> _DIRECTIONS FOR THIS TASK_
From the entries below, return only the lines starting at the one that contains "97.8h7.1M12.4 97.8h.1M5.3 133.3h7.1M8.9" and ending at the one that contains "51.6h.1M160 53.3h.1M160 55.1h.1M160", exactly as they stand.
Start of Block
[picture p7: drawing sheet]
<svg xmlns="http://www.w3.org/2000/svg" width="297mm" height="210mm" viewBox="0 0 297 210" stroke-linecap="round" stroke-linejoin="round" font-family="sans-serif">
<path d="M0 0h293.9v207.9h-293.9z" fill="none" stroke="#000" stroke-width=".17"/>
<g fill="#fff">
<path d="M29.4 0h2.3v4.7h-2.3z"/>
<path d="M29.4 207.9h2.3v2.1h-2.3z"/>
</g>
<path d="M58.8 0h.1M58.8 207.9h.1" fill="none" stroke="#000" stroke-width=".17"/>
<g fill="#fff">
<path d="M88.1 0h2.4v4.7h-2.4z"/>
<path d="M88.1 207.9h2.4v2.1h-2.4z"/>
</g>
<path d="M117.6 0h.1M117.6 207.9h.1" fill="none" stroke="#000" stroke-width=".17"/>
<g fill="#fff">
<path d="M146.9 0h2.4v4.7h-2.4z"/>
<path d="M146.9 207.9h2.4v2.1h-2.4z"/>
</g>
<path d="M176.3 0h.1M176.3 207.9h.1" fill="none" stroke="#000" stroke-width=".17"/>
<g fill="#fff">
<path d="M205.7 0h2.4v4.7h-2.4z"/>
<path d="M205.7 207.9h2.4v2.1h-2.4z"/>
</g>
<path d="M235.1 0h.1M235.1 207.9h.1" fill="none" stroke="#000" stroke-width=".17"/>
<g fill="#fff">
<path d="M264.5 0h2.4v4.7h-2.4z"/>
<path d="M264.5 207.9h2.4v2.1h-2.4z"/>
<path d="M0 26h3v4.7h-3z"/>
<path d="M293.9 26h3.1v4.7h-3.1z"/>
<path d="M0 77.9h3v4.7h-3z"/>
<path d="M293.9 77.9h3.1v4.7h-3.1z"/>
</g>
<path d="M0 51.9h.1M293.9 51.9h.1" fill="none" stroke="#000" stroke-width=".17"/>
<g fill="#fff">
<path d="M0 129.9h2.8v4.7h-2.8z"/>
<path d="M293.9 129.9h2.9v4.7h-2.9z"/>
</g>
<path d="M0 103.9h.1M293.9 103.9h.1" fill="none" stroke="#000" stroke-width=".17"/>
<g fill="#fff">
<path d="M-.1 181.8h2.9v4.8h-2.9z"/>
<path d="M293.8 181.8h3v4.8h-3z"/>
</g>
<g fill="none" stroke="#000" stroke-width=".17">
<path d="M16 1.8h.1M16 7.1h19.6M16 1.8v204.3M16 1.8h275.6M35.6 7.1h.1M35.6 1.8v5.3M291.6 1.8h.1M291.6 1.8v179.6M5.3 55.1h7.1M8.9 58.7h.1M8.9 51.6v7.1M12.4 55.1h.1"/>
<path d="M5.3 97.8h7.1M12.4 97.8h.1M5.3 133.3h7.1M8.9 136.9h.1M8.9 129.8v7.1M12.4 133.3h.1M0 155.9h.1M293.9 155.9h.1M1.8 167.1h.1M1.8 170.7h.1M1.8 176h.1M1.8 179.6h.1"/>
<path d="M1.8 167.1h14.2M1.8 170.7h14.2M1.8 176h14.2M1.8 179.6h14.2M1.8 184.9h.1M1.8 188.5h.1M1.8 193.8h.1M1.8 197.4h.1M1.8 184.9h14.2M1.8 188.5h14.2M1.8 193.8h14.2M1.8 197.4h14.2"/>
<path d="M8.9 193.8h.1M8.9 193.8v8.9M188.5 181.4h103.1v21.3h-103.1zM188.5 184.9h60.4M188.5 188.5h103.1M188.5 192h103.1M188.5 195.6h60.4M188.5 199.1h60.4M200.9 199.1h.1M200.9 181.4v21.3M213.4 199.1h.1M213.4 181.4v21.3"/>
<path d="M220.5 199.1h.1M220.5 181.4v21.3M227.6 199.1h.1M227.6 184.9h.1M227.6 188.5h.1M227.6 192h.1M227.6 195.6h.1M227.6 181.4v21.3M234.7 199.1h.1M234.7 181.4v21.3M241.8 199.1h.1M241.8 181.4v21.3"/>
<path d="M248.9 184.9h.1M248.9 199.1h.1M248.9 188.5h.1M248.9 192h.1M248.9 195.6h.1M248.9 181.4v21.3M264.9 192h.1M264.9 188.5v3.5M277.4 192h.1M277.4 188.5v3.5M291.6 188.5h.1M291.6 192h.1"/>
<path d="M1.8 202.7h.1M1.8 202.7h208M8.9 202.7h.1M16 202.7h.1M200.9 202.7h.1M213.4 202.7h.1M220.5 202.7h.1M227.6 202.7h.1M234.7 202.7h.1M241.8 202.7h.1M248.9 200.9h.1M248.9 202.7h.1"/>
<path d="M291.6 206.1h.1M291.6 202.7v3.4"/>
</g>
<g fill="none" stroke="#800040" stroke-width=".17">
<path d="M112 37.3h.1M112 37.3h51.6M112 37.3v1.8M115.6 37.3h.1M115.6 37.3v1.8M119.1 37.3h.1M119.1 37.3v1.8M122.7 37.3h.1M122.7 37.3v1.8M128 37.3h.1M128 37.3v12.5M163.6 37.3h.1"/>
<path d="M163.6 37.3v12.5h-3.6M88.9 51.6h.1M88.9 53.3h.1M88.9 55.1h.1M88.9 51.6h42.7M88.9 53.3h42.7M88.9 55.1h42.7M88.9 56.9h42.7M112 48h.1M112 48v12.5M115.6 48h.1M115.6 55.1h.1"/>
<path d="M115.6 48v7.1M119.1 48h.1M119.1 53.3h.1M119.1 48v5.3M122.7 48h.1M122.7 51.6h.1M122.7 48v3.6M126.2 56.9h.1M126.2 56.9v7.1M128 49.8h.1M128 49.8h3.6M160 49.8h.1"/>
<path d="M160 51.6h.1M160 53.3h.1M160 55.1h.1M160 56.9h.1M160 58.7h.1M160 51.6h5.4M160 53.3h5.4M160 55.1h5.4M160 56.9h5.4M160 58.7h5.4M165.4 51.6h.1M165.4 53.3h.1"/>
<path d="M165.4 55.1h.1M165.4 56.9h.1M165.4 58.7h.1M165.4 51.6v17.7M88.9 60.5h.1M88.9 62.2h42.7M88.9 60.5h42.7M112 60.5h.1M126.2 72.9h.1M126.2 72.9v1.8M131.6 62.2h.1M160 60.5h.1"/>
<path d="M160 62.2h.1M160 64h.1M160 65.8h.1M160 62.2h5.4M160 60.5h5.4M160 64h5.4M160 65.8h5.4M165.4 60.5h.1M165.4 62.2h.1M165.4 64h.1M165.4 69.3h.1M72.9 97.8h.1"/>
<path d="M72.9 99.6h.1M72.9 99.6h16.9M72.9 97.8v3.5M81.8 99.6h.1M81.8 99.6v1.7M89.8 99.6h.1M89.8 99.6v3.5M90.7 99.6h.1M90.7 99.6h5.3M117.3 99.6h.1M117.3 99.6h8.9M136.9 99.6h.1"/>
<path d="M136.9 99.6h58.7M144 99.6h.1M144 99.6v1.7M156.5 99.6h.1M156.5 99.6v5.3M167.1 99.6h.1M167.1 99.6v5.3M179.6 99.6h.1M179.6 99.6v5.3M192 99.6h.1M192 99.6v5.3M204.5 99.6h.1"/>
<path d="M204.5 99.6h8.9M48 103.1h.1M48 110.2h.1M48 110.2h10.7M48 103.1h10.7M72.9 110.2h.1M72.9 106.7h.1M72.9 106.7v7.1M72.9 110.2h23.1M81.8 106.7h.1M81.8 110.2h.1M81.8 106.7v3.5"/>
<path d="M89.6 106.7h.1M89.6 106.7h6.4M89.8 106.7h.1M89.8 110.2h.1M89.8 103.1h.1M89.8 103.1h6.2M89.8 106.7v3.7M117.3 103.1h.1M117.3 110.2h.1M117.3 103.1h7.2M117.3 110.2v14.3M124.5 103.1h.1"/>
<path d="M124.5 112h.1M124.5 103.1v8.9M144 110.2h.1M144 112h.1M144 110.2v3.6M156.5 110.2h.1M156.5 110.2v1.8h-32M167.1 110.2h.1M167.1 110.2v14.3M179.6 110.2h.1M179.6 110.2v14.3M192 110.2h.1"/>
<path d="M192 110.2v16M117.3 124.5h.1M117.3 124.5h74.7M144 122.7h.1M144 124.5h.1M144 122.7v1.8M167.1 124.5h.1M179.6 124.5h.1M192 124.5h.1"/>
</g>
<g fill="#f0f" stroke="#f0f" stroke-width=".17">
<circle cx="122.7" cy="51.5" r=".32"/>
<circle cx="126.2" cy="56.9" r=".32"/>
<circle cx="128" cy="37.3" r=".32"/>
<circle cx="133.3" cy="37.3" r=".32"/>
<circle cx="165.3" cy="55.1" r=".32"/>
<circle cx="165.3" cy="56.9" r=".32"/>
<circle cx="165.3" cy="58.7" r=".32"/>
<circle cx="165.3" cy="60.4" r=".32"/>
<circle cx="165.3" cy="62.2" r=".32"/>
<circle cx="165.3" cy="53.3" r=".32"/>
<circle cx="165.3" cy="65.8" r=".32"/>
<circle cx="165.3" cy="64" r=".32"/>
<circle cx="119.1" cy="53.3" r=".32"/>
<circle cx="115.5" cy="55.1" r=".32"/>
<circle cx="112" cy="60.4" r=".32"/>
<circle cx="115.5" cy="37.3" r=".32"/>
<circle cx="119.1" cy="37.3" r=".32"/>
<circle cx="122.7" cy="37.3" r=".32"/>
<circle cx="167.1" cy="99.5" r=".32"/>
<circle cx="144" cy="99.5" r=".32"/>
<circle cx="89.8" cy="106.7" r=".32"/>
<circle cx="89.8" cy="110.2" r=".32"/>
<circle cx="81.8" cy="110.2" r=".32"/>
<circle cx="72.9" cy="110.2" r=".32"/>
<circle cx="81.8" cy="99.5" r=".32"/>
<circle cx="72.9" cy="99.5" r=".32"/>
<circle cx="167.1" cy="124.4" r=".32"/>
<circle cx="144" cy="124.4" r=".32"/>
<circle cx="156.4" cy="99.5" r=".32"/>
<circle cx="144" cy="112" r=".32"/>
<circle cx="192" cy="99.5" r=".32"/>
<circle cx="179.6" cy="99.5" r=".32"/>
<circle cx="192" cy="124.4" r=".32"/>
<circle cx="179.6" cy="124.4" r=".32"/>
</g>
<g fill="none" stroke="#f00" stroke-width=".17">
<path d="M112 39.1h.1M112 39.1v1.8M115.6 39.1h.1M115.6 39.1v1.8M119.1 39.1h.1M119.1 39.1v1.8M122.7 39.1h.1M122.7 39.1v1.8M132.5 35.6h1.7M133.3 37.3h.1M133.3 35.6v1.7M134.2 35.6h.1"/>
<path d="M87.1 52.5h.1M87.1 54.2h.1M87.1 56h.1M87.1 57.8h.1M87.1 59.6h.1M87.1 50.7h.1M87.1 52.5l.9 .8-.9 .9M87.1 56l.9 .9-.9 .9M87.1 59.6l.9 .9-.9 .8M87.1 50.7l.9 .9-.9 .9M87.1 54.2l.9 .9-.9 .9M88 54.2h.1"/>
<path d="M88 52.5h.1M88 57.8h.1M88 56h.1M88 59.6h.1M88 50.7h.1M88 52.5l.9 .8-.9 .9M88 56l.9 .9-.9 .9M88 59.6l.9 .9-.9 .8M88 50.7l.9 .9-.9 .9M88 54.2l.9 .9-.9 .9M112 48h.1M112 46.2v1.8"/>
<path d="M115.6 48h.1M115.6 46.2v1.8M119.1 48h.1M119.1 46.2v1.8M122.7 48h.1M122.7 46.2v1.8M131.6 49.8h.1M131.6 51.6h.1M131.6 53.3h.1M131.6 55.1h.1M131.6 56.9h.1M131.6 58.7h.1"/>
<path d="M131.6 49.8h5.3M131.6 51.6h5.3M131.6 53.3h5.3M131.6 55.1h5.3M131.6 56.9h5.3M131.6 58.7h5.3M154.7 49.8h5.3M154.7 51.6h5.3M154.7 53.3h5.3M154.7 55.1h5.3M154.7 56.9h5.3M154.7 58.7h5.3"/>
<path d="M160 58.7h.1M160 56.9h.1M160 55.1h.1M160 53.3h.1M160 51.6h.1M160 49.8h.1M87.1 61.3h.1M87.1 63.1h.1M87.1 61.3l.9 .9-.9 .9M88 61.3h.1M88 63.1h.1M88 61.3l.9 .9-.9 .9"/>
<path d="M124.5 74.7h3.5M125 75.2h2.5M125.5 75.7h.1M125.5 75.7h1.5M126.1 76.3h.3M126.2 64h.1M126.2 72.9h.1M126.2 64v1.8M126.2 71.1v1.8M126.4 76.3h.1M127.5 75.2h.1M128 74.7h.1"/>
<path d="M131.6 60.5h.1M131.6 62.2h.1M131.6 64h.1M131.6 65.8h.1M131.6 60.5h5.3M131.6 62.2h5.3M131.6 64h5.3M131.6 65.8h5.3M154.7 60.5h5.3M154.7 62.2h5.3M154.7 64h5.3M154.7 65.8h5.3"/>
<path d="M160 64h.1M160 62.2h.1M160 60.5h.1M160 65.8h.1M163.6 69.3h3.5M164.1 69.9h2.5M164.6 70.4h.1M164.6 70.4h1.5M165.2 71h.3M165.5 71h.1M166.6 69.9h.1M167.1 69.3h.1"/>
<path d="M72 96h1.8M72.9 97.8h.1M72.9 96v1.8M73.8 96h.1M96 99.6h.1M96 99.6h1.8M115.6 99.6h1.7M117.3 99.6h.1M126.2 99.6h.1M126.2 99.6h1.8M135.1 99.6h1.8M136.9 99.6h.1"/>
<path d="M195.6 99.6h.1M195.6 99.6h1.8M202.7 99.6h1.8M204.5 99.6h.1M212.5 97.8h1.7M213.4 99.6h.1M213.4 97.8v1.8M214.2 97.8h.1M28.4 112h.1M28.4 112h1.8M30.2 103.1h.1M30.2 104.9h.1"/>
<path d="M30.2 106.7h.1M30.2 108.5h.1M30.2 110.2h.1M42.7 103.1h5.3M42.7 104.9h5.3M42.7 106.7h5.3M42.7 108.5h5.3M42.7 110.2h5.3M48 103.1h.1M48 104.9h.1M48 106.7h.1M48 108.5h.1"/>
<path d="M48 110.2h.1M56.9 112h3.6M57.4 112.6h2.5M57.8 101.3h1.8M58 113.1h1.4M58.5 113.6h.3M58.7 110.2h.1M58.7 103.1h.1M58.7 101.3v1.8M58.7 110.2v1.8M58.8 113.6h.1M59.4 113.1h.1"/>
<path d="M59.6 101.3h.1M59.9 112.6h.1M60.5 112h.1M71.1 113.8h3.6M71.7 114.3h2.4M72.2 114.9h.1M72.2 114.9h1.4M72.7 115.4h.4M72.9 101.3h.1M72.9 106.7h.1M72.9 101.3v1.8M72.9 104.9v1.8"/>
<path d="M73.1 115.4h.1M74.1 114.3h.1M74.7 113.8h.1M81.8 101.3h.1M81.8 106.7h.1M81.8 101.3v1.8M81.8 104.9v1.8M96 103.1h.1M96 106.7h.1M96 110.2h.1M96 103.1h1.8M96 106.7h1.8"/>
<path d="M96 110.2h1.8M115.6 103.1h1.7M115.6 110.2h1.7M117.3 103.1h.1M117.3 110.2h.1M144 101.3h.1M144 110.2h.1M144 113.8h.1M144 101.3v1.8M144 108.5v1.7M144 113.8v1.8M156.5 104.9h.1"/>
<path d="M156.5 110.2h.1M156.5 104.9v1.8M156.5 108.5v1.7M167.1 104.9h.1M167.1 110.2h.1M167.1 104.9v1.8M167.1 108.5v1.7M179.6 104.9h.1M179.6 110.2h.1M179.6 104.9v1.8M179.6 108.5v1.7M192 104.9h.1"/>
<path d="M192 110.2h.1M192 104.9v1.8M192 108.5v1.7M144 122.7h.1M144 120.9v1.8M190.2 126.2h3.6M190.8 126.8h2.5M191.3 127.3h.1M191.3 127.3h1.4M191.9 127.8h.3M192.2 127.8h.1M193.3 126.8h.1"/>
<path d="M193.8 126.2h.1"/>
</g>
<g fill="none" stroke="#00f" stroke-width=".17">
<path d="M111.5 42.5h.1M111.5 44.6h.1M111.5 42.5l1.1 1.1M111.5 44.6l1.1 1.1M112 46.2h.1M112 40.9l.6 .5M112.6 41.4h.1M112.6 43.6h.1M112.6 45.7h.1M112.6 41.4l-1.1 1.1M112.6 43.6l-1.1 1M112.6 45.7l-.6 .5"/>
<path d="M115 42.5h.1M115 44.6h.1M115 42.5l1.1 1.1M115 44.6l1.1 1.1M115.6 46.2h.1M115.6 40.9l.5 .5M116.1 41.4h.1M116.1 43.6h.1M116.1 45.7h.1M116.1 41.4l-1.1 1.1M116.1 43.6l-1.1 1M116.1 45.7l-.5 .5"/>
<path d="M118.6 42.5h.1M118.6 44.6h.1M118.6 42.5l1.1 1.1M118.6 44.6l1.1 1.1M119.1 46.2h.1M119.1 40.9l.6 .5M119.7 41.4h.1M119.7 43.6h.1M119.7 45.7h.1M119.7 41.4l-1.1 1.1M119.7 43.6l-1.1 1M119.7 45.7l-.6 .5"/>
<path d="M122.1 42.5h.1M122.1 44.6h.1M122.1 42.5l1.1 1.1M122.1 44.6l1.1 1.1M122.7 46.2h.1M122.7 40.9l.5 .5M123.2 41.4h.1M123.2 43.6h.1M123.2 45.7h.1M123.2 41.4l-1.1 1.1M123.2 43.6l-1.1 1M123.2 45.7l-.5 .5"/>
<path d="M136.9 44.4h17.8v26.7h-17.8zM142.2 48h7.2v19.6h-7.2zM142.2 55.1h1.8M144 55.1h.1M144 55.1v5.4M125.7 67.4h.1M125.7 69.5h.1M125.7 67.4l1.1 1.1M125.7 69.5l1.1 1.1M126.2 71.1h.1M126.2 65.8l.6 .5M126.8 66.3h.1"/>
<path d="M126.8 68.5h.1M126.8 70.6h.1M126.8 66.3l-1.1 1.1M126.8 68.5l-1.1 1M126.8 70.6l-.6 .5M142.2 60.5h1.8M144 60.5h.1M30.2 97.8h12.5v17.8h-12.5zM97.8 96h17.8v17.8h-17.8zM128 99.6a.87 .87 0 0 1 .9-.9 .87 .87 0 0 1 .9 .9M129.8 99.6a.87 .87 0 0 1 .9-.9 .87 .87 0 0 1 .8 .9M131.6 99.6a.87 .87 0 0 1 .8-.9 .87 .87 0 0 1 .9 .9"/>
End of Block
> _YOUR RESPONSE_
<path d="M5.3 97.8h7.1M12.4 97.8h.1M5.3 133.3h7.1M8.9 136.9h.1M8.9 129.8v7.1M12.4 133.3h.1M0 155.9h.1M293.9 155.9h.1M1.8 167.1h.1M1.8 170.7h.1M1.8 176h.1M1.8 179.6h.1"/>
<path d="M1.8 167.1h14.2M1.8 170.7h14.2M1.8 176h14.2M1.8 179.6h14.2M1.8 184.9h.1M1.8 188.5h.1M1.8 193.8h.1M1.8 197.4h.1M1.8 184.9h14.2M1.8 188.5h14.2M1.8 193.8h14.2M1.8 197.4h14.2"/>
<path d="M8.9 193.8h.1M8.9 193.8v8.9M188.5 181.4h103.1v21.3h-103.1zM188.5 184.9h60.4M188.5 188.5h103.1M188.5 192h103.1M188.5 195.6h60.4M188.5 199.1h60.4M200.9 199.1h.1M200.9 181.4v21.3M213.4 199.1h.1M213.4 181.4v21.3"/>
<path d="M220.5 199.1h.1M220.5 181.4v21.3M227.6 199.1h.1M227.6 184.9h.1M227.6 188.5h.1M227.6 192h.1M227.6 195.6h.1M227.6 181.4v21.3M234.7 199.1h.1M234.7 181.4v21.3M241.8 199.1h.1M241.8 181.4v21.3"/>
<path d="M248.9 184.9h.1M248.9 199.1h.1M248.9 188.5h.1M248.9 192h.1M248.9 195.6h.1M248.9 181.4v21.3M264.9 192h.1M264.9 188.5v3.5M277.4 192h.1M277.4 188.5v3.5M291.6 188.5h.1M291.6 192h.1"/>
<path d="M1.8 202.7h.1M1.8 202.7h208M8.9 202.7h.1M16 202.7h.1M200.9 202.7h.1M213.4 202.7h.1M220.5 202.7h.1M227.6 202.7h.1M234.7 202.7h.1M241.8 202.7h.1M248.9 200.9h.1M248.9 202.7h.1"/>
<path d="M291.6 206.1h.1M291.6 202.7v3.4"/>
</g>
<g fill="none" stroke="#800040" stroke-width=".17">
<path d="M112 37.3h.1M112 37.3h51.6M112 37.3v1.8M115.6 37.3h.1M115.6 37.3v1.8M119.1 37.3h.1M119.1 37.3v1.8M122.7 37.3h.1M122.7 37.3v1.8M128 37.3h.1M128 37.3v12.5M163.6 37.3h.1"/>
<path d="M163.6 37.3v12.5h-3.6M88.9 51.6h.1M88.9 53.3h.1M88.9 55.1h.1M88.9 51.6h42.7M88.9 53.3h42.7M88.9 55.1h42.7M88.9 56.9h42.7M112 48h.1M112 48v12.5M115.6 48h.1M115.6 55.1h.1"/>
<path d="M115.6 48v7.1M119.1 48h.1M119.1 53.3h.1M119.1 48v5.3M122.7 48h.1M122.7 51.6h.1M122.7 48v3.6M126.2 56.9h.1M126.2 56.9v7.1M128 49.8h.1M128 49.8h3.6M160 49.8h.1"/>
<path d="M160 51.6h.1M160 53.3h.1M160 55.1h.1M160 56.9h.1M160 58.7h.1M160 51.6h5.4M160 53.3h5.4M160 55.1h5.4M160 56.9h5.4M160 58.7h5.4M165.4 51.6h.1M165.4 53.3h.1"/>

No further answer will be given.